結局、河内高屋城主の三好康長は戦わずして逃亡し、河内には守護大名の血統を継ぐ畠山昭高が入国。これを皮切りに、「天下布武」を目指す信長と畿内を奪回したい三好三人衆など諸大名との争いは激化していきます。
その中で孫一や雑賀衆も、否応なく戦いへと巻き込まれていきます。
翌々年の1570年7月。信長に追われて阿波(徳島県)に逃げていた三好三人衆が1万3千名の兵を引き連れて摂津(大阪府北東部)に上陸しました。
信長は前の月に姉川の合戦を勝ち抜いたばかりで疲弊していましたが、敢然として4万名もの軍勢を率いて出撃しました。
織田方には雑賀衆の一部(孫一らと仲の悪かった宮郷、中郷、南郷の軍勢と思われます)が加勢。三好方には孫一率いる雑賀、根来、湯川など紀伊の豪族、合わせて2万名が鉄砲3千挺を携えて援軍に駆けつけ、彼らを中心として空前の大砲戦、銃撃戦が展開されました。
「御敵身方の鉄砲、誠に日夜天地も響くばかりに候」と「信長公記」にも記されています。
物量に劣る三好方や孫一らは激戦の末、次第に大阪市周辺地域へと追い詰められていきます。
ところが9月14日の夜半、事態は急転します。

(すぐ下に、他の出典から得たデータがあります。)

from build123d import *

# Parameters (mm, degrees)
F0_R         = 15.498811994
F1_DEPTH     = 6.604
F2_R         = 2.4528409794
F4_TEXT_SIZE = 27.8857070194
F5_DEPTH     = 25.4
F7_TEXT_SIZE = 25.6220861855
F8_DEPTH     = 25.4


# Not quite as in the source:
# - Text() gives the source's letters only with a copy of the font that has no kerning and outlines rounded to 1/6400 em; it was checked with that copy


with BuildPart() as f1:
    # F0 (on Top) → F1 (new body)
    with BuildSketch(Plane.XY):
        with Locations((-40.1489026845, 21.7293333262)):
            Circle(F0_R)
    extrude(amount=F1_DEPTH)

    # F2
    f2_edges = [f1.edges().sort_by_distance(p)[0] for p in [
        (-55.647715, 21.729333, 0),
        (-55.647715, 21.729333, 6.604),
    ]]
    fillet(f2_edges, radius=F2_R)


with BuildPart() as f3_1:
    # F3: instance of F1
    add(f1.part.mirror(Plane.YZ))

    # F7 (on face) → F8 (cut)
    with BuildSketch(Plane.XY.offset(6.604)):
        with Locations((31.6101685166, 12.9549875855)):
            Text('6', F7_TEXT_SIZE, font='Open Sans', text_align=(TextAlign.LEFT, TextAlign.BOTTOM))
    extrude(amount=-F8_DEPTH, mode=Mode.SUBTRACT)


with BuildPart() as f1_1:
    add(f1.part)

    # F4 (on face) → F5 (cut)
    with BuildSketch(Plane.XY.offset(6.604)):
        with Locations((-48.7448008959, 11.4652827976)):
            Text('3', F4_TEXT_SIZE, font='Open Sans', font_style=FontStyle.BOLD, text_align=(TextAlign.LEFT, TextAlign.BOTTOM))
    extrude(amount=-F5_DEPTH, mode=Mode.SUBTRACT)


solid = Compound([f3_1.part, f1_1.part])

石山本願寺の挙兵です。
思いがけず側背を脅かされた織田勢は切歯扼腕しながら後退。折悪しく近江方面でも朝倉・浅井勢の侵攻が報じられたため、信長は主力を率いて摂津を去ります。
こうして通称「野田・福島の合戦」は三好方の優勢勝ちのまま年の暮れに和睦が結ばれました。同時に10数年に及ぶ「石山戦争」が、孫一たちを巻き込んで幕を開けます。